Recorded data
%%
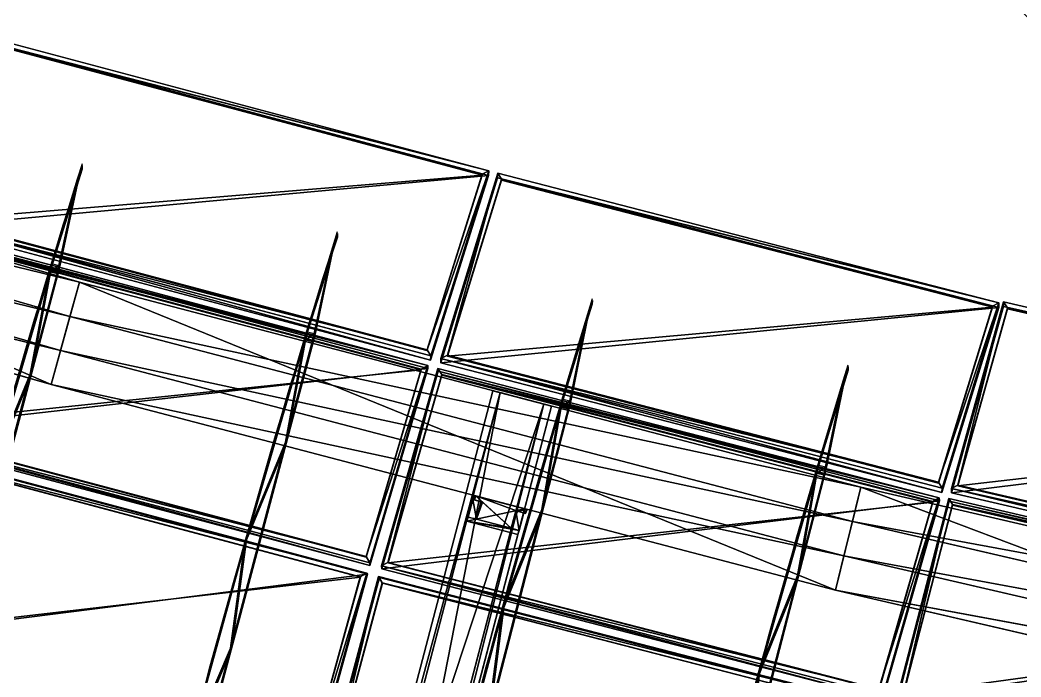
# Model space of a CAD drawing. Extents: x -372 to 678, y -263 to 741.
# Drawn here: x 123.182 to 127.896, y 26.174 to 29.269 of the extents above; entities that cross this region are included whole.
import ezdxf

# ---------------------------------------------------------------- set-up
doc = ezdxf.new("R2010")
doc.units = 0
doc.header["$LTSCALE"] = 0.0254
doc.layers.get('0').update_dxf_attribs({"linetype": 'CONTINUOUS'})
doc.layers.add('LOCATION_SNAPSHOT', color=144, linetype='CONTINUOUS')
doc.layers.add('LOCATION_TERRAIN', color=36, linetype='CONTINUOUS')

# ---------------------------------------------------------------- blocks, each defined once
blk = doc.blocks.new('LOCATION_SNAPSHOT')
at = {"color": 8}
mesh = blk.add_polyface(dxfattribs=at)
corners = [(-369.3084, -262.9446), (369.3059, 262.9472), (-371.8207, 259.3767), (371.8242, -259.3771)]
mesh.append_faces([[corners[k] for k in face] for face in [(0, 1, 2), (1, 0, 3)]], dxfattribs={"vtx0": -1, "color": 8})
blk = doc.blocks.new('LOCATION_TERRAIN')
at = {"color": 8}
mesh = blk.add_polyface(dxfattribs=at)
corners = [(131.7762, 25.5073, 4.919), (131.7163, 37.9436, 4.7628), (119.1547, 37.8831, 3.9578)]
mesh.append_faces([[corners[k] for k in face] for face in [(0, 1, 2)]], dxfattribs={"color": 8})
mesh = blk.add_polyface(dxfattribs=at)
corners = [(131.7762, 25.5073, 4.919), (119.1547, 37.8831, 3.9578), (119.2147, 25.4468, 4.0451)]
mesh.append_faces([[corners[k] for k in face] for face in [(0, 1, 2)]], dxfattribs={"color": 8})
blk = doc.blocks.new('GROUP_53')
at = {"color": 0}
for p, q in [((78.7781, 47.1716, -6.529), (75.1422, 48.0179, -6.1556)), ((78.6578, 46.6862, -6.029), (75.1422, 48.0179, -5.6556)), ((78.7781, 47.1716, -6.029), (75.1422, 48.0179, -5.6556)), ((78.6578, 46.6862, -6.029), (75.1422, 48.0179, -5.6556)), ((78.7781, 47.1716, -6.029), (75.1422, 48.0179, -5.6556)), ((78.7781, 47.1716, -6.529), (75.1422, 48.0179, -6.1556)), ((78.7781, 47.1716, -6.529), (75.1071, 47.8549, -6.1556)), ((78.738, 47.0098, -6.529), (75.1071, 47.8549, -6.1556)), ((78.7781, 47.1716, -6.529), (75.1071, 47.8549, -6.1556)), ((78.738, 47.0098, -6.529), (75.1071, 47.8549, -6.1556)), ((78.738, 47.0098, -6.279), (75.1071, 47.8549, -5.9056)), ((78.738, 47.0098, -6.279), (75.1071, 47.8549, -5.9056)), ((78.738, 47.0098, -6.279), (75.0719, 47.692, -5.9056)), ((78.6979, 46.848, -6.279), (75.0719, 47.692, -5.9056)), ((78.738, 47.0098, -6.279), (75.0719, 47.692, -5.9056)), ((78.6979, 46.848, -6.279), (75.0719, 47.692, -5.9056)), ((78.6979, 46.848, -6.529), (75.0719, 47.692, -6.1556)), ((78.6979, 46.848, -6.529), (75.0719, 47.692, -6.1556)), ((78.6979, 46.848, -6.529), (75.0368, 47.529, -6.1556)), ((78.6578, 46.6862, -6.529), (75.0368, 47.529, -6.1556)), ((78.6979, 46.848, -6.529), (75.0368, 47.529, -6.1556)), ((78.6578, 46.6862, -6.529), (75.0368, 47.529, -6.1556)), ((78.6578, 46.6862, -6.029), (75.0368, 47.529, -5.6556)), ((78.6578, 46.6862, -6.029), (75.0368, 47.529, -5.6556)), ((78.6578, 46.6862, -6.029), (78.7781, 47.1716, -6.029)), ((78.6578, 46.6862, -6.029), (78.7781, 47.1716, -6.029)), ((78.7781, 47.1716, -6.529), (78.738, 47.0098, -6.529)), ((78.7781, 47.1716, -6.529), (78.738, 47.0098, -6.529)), ((78.7781, 47.1716, -6.029), (78.7781, 47.1716, -6.529)), ((82.4706, 46.1994, -6.9053), (78.7781, 47.1716, -6.529)), ((82.3372, 45.7175, -6.4053), (78.7781, 47.1716, -6.029)), ((82.4706, 46.1994, -6.4053), (78.7781, 47.1716, -6.029)), ((82.3372, 45.7175, -6.4053), (78.7781, 47.1716, -6.029)), ((82.4706, 46.1994, -6.4053), (78.7781, 47.1716, -6.029)), ((82.4706, 46.1994, -6.9053), (78.7781, 47.1716, -6.529)), ((78.7781, 47.1716, -6.029), (78.7781, 47.1716, -6.529)), ((78.738, 47.0098, -6.279), (78.6979, 46.848, -6.279)), ((78.738, 47.0098, -6.279), (78.6979, 46.848, -6.279)), ((78.738, 47.0098, -6.529), (78.738, 47.0098, -6.279)), ((82.4706, 46.1994, -6.9053), (78.738, 47.0098, -6.529)), ((82.4262, 46.0387, -6.9053), (78.738, 47.0098, -6.529)), ((82.4706, 46.1994, -6.9053), (78.738, 47.0098, -6.529)), ((82.4262, 46.0387, -6.9053), (78.738, 47.0098, -6.529)), ((82.4262, 46.0387, -6.6553), (78.738, 47.0098, -6.279)), ((78.738, 47.0098, -6.529), (78.738, 47.0098, -6.279)), ((82.4262, 46.0387, -6.6553), (78.738, 47.0098, -6.279)), ((78.6979, 46.848, -6.529), (78.6578, 46.6862, -6.529)), ((78.6979, 46.848, -6.529), (78.6578, 46.6862, -6.529)), ((78.6979, 46.848, -6.279), (78.6979, 46.848, -6.529)), ((82.4262, 46.0387, -6.6553), (78.6979, 46.848, -6.279)), ((82.3817, 45.8781, -6.6553), (78.6979, 46.848, -6.279)), ((82.4262, 46.0387, -6.6553), (78.6979, 46.848, -6.279)), ((82.3817, 45.8781, -6.6553), (78.6979, 46.848, -6.279)), ((82.3817, 45.8781, -6.9053), (78.6979, 46.848, -6.529)), ((78.6979, 46.848, -6.279), (78.6979, 46.848, -6.529)), ((82.3817, 45.8781, -6.9053), (78.6979, 46.848, -6.529)), ((78.6578, 46.6862, -6.529), (78.6578, 46.6862, -6.029)), ((82.3817, 45.8781, -6.9053), (78.6578, 46.6862, -6.529)), ((82.3372, 45.7175, -6.9053), (78.6578, 46.6862, -6.529)), ((82.3817, 45.8781, -6.9053), (78.6578, 46.6862, -6.529)), ((82.3372, 45.7175, -6.9053), (78.6578, 46.6862, -6.529)), ((82.3372, 45.7175, -6.4053), (78.6578, 46.6862, -6.029)), ((78.6578, 46.6862, -6.529), (78.6578, 46.6862, -6.029)), ((82.3372, 45.7175, -6.4053), (78.6578, 46.6862, -6.029)), ((82.3372, 45.7175, -6.4053), (82.4706, 46.1994, -6.4053)), ((82.3372, 45.7175, -6.4053), (82.4706, 46.1994, -6.4053)), ((82.4706, 46.1994, -6.9053), (82.4262, 46.0387, -6.9053)), ((82.4706, 46.1994, -6.9053), (82.4262, 46.0387, -6.9053)), ((82.4706, 46.1994, -6.4053), (82.4706, 46.1994, -6.9053)), ((86.2204, 45.11, -7.2838), (82.4706, 46.1994, -6.9053)), ((86.0757, 44.6314, -6.7838), (82.4706, 46.1994, -6.4053)), ((86.2204, 45.11, -6.7838), (82.4706, 46.1994, -6.4053)), ((86.0757, 44.6314, -6.7838), (82.4706, 46.1994, -6.4053)), ((86.2204, 45.11, -6.7838), (82.4706, 46.1994, -6.4053)), ((86.2204, 45.11, -7.2838), (82.4706, 46.1994, -6.9053)), ((82.4706, 46.1994, -6.4053), (82.4706, 46.1994, -6.9053)), ((82.4262, 46.0387, -6.6553), (82.3817, 45.8781, -6.6553)), ((82.4262, 46.0387, -6.6553), (82.3817, 45.8781, -6.6553)), ((82.4262, 46.0387, -6.9053), (82.4262, 46.0387, -6.6553)), ((86.2204, 45.11, -7.2838), (82.4262, 46.0387, -6.9053)), ((86.1722, 44.9505, -7.2838), (82.4262, 46.0387, -6.9053)), ((86.2204, 45.11, -7.2838), (82.4262, 46.0387, -6.9053)), ((86.1722, 44.9505, -7.2838), (82.4262, 46.0387, -6.9053)), ((86.1722, 44.9505, -7.0338), (82.4262, 46.0387, -6.6553)), ((82.4262, 46.0387, -6.9053), (82.4262, 46.0387, -6.6553)), ((86.1722, 44.9505, -7.0338), (82.4262, 46.0387, -6.6553)), ((82.3817, 45.8781, -6.9053), (82.3372, 45.7175, -6.9053)), ((82.3817, 45.8781, -6.9053), (82.3372, 45.7175, -6.9053)), ((82.3817, 45.8781, -6.6553), (82.3817, 45.8781, -6.9053)), ((86.1722, 44.9505, -7.0338), (82.3817, 45.8781, -6.6553)), ((86.1239, 44.7909, -7.0338), (82.3817, 45.8781, -6.6553)), ((86.1722, 44.9505, -7.0338), (82.3817, 45.8781, -6.6553)), ((86.1239, 44.7909, -7.0338), (82.3817, 45.8781, -6.6553)), ((86.1239, 44.7909, -7.2838), (82.3817, 45.8781, -6.9053)), ((82.3817, 45.8781, -6.6553), (82.3817, 45.8781, -6.9053)), ((86.1239, 44.7909, -7.2838), (82.3817, 45.8781, -6.9053)), ((82.3372, 45.7175, -6.9053), (82.3372, 45.7175, -6.4053)), ((86.1239, 44.7909, -7.2838), (82.3372, 45.7175, -6.9053)), ((86.0757, 44.6314, -7.2838), (82.3372, 45.7175, -6.9053)), ((86.1239, 44.7909, -7.2838), (82.3372, 45.7175, -6.9053)), ((86.0757, 44.6314, -7.2838), (82.3372, 45.7175, -6.9053)), ((86.0757, 44.6314, -6.7838), (82.3372, 45.7175, -6.4053)), ((82.3372, 45.7175, -6.9053), (82.3372, 45.7175, -6.4053)), ((86.0757, 44.6314, -6.7838), (82.3372, 45.7175, -6.4053))]:
    blk.add_line(p, q, dxfattribs=at)
mesh = blk.add_polyface(dxfattribs=at)
corners = [(78.6578, 46.6862, -6.029), (75.1422, 48.0179, -5.6556), (75.0368, 47.529, -5.6556)]
mesh.append_faces([[corners[k] for k in face] for face in [(0, 1, 2)]], dxfattribs={"color": 0})
mesh = blk.add_polyface(dxfattribs=at)
corners = [(78.7781, 47.1716, -6.529), (75.1071, 47.8549, -6.1556), (75.1422, 48.0179, -6.1556)]
mesh.append_faces([[corners[k] for k in face] for face in [(0, 1, 2)]], dxfattribs={"color": 0})
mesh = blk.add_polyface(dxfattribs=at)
%%
Problem details = Nothing but the lines from the one containing "blk.add_line(p, q, dxfattribs=at)" to the end of the records above should appear, each copied exactly.

Answer box =
    blk.add_line(p, q, dxfattribs=at)
mesh = blk.add_polyface(dxfattribs=at)
corners = [(78.6578, 46.6862, -6.029), (75.1422, 48.0179, -5.6556), (75.0368, 47.529, -5.6556)]
mesh.append_faces([[corners[k] for k in face] for face in [(0, 1, 2)]], dxfattribs={"color": 0})
mesh = blk.add_polyface(dxfattribs=at)
corners = [(78.7781, 47.1716, -6.529), (75.1071, 47.8549, -6.1556), (75.1422, 48.0179, -6.1556)]
mesh.append_faces([[corners[k] for k in face] for face in [(0, 1, 2)]], dxfattribs={"color": 0})
mesh = blk.add_polyface(dxfattribs=at)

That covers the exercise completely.